Try it: Look in the listing below for the line that has "Baseline cotrol/1(ubl) ->", then return it and each following line up to and including the one with "Theta2, Theta3, Theta4]", exactly and without pictures.

Provided records:
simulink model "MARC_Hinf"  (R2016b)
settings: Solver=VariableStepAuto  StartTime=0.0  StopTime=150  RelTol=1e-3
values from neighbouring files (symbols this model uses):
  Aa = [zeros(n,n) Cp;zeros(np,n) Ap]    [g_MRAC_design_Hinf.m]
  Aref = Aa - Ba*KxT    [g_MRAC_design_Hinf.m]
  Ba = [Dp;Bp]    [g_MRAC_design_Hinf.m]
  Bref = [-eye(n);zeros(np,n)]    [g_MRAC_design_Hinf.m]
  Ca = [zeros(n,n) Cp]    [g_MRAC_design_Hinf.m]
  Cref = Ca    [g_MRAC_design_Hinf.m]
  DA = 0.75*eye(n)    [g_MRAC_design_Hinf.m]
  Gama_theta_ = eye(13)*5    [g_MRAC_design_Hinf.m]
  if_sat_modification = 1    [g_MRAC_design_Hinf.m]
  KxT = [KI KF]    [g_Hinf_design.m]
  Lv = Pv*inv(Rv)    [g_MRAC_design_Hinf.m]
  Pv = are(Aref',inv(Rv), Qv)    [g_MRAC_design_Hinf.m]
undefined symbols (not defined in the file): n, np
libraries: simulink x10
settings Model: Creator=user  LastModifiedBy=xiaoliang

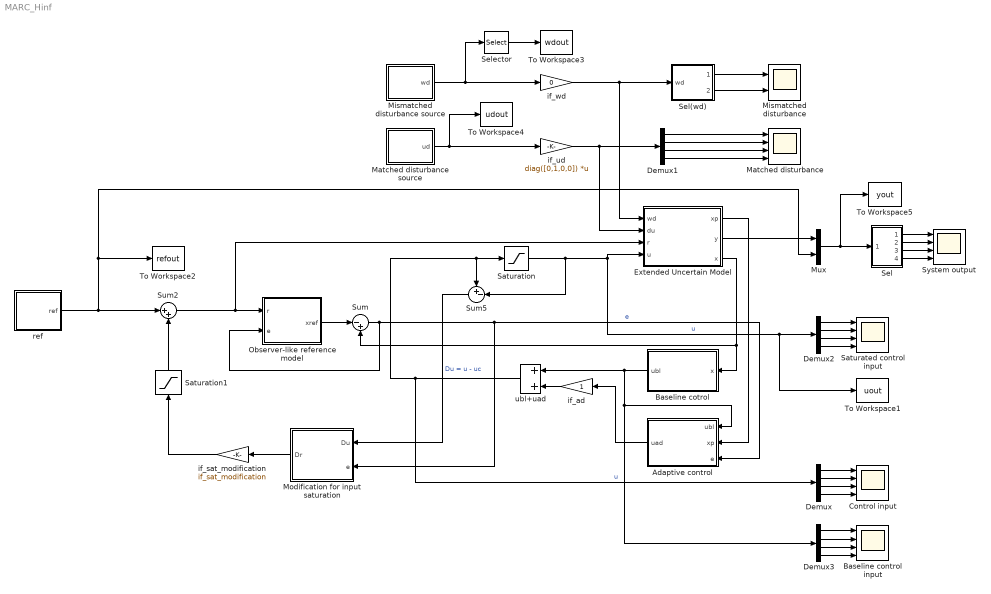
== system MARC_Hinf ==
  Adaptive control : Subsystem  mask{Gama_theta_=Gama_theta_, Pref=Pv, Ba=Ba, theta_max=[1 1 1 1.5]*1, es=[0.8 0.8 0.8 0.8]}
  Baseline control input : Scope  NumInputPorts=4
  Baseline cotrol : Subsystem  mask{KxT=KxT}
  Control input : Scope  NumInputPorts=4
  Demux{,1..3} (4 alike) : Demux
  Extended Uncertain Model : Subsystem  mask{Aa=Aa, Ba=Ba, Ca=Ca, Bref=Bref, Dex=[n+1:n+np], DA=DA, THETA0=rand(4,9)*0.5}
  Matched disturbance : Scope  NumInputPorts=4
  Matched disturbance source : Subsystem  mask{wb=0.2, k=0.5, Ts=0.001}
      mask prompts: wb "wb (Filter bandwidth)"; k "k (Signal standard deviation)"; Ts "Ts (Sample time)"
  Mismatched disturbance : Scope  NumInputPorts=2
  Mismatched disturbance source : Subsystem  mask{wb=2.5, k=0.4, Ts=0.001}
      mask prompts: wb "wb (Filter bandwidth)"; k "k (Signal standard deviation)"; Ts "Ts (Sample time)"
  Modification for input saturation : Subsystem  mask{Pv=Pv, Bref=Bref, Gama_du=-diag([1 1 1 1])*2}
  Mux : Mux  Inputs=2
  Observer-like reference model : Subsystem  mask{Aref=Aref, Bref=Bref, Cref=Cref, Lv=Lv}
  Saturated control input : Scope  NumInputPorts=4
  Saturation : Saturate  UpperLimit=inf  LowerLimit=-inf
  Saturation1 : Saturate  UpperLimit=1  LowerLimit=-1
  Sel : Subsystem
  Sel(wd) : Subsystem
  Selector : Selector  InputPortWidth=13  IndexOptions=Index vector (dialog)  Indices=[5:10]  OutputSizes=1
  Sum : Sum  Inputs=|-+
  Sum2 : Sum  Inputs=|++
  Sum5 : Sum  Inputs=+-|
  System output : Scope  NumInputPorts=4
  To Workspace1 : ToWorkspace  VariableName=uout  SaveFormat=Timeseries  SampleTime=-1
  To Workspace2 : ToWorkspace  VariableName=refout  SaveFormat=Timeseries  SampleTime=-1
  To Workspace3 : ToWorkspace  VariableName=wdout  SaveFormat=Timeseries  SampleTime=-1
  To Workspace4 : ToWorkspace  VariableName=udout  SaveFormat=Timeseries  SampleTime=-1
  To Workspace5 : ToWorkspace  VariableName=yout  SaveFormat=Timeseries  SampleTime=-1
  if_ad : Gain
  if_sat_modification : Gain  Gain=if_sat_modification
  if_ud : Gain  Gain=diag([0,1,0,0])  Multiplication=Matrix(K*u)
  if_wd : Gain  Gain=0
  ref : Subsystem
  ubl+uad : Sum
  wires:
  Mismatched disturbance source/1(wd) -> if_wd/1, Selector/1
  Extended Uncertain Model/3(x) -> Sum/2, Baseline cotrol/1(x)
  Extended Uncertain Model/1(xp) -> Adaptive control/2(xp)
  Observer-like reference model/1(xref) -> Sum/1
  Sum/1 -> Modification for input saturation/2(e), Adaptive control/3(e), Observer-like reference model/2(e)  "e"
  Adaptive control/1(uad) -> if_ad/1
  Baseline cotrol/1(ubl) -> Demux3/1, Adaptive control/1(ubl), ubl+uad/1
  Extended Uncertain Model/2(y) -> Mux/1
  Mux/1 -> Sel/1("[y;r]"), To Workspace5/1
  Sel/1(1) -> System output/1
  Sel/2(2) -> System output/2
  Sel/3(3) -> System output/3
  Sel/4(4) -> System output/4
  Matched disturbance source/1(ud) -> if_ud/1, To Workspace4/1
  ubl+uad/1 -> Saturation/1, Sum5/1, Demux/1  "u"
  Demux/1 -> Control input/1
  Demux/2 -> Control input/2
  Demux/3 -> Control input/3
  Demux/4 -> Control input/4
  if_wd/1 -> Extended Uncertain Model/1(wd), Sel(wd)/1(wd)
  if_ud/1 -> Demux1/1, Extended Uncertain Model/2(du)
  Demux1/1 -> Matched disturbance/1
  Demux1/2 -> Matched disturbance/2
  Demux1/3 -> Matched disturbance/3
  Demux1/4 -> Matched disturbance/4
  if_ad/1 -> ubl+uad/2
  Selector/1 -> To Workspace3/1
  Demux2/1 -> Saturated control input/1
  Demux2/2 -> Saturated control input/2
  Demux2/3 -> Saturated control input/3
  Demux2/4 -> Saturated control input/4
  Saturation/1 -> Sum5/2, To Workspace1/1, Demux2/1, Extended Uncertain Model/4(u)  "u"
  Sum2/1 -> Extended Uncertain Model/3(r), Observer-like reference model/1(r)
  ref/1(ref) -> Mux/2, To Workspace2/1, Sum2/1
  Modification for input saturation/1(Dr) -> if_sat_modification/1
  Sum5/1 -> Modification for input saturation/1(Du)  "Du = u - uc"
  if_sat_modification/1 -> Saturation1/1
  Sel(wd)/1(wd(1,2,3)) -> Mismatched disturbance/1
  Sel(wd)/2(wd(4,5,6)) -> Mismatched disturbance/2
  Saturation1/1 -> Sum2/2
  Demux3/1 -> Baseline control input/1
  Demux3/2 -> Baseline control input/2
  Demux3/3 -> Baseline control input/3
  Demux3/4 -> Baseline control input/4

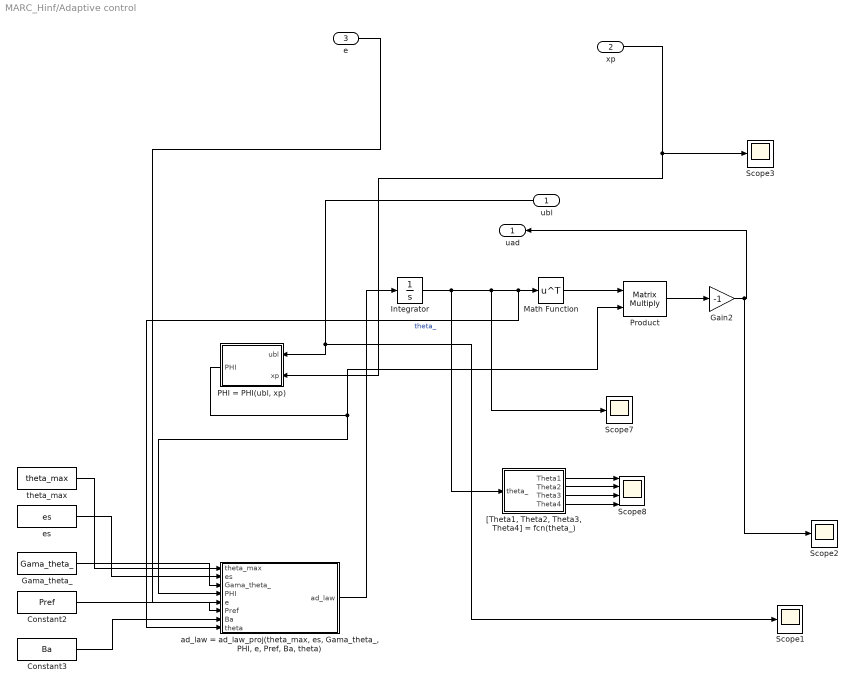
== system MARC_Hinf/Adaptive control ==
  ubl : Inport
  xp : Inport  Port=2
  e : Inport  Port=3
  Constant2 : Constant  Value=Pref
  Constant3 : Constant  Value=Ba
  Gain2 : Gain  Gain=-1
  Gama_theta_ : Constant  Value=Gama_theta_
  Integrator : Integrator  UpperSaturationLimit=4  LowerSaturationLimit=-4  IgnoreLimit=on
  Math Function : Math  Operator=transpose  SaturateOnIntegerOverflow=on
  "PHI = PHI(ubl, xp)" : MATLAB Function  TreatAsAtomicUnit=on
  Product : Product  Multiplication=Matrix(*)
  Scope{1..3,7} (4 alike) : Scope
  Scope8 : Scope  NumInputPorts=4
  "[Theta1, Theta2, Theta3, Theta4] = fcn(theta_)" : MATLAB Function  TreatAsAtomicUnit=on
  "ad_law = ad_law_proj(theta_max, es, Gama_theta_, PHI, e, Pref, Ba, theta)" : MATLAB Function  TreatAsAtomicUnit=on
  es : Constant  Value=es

Exercise output:
  Baseline cotrol/1(ubl) -> Demux3/1, Adaptive control/1(ubl), ubl+uad/1
  Extended Uncertain Model/2(y) -> Mux/1
  Mux/1 -> Sel/1("[y;r]"), To Workspace5/1
  Sel/1(1) -> System output/1
  Sel/2(2) -> System output/2
  Sel/3(3) -> System output/3
  Sel/4(4) -> System output/4
  Matched disturbance source/1(ud) -> if_ud/1, To Workspace4/1
  ubl+uad/1 -> Saturation/1, Sum5/1, Demux/1  "u"
  Demux/1 -> Control input/1
  Demux/2 -> Control input/2
  Demux/3 -> Control input/3
  Demux/4 -> Control input/4
  if_wd/1 -> Extended Uncertain Model/1(wd), Sel(wd)/1(wd)
  if_ud/1 -> Demux1/1, Extended Uncertain Model/2(du)
  Demux1/1 -> Matched disturbance/1
  Demux1/2 -> Matched disturbance/2
  Demux1/3 -> Matched disturbance/3
  Demux1/4 -> Matched disturbance/4
  if_ad/1 -> ubl+uad/2
  Selector/1 -> To Workspace3/1
  Demux2/1 -> Saturated control input/1
  Demux2/2 -> Saturated control input/2
  Demux2/3 -> Saturated control input/3
  Demux2/4 -> Saturated control input/4
  Saturation/1 -> Sum5/2, To Workspace1/1, Demux2/1, Extended Uncertain Model/4(u)  "u"
  Sum2/1 -> Extended Uncertain Model/3(r), Observer-like reference model/1(r)
  ref/1(ref) -> Mux/2, To Workspace2/1, Sum2/1
  Modification for input saturation/1(Dr) -> if_sat_modification/1
  Sum5/1 -> Modification for input saturation/1(Du)  "Du = u - uc"
  if_sat_modification/1 -> Saturation1/1
  Sel(wd)/1(wd(1,2,3)) -> Mismatched disturbance/1
  Sel(wd)/2(wd(4,5,6)) -> Mismatched disturbance/2
  Saturation1/1 -> Sum2/2
  Demux3/1 -> Baseline control input/1
  Demux3/2 -> Baseline control input/2
  Demux3/3 -> Baseline control input/3
  Demux3/4 -> Baseline control input/4

== system MARC_Hinf/Adaptive control ==
  ubl : Inport
  xp : Inport  Port=2
  e : Inport  Port=3
  Constant2 : Constant  Value=Pref
  Constant3 : Constant  Value=Ba
  Gain2 : Gain  Gain=-1
  Gama_theta_ : Constant  Value=Gama_theta_
  Integrator : Integrator  UpperSaturationLimit=4  LowerSaturationLimit=-4  IgnoreLimit=on
  Math Function : Math  Operator=transpose  SaturateOnIntegerOverflow=on
  "PHI = PHI(ubl, xp)" : MATLAB Function  TreatAsAtomicUnit=on
  Product : Product  Multiplication=Matrix(*)
  Scope{1..3,7} (4 alike) : Scope
  Scope8 : Scope  NumInputPorts=4
  "[Theta1, Theta2, Theta3, Theta4] = fcn(theta_)" : MATLAB Function  TreatAsAtomicUnit=on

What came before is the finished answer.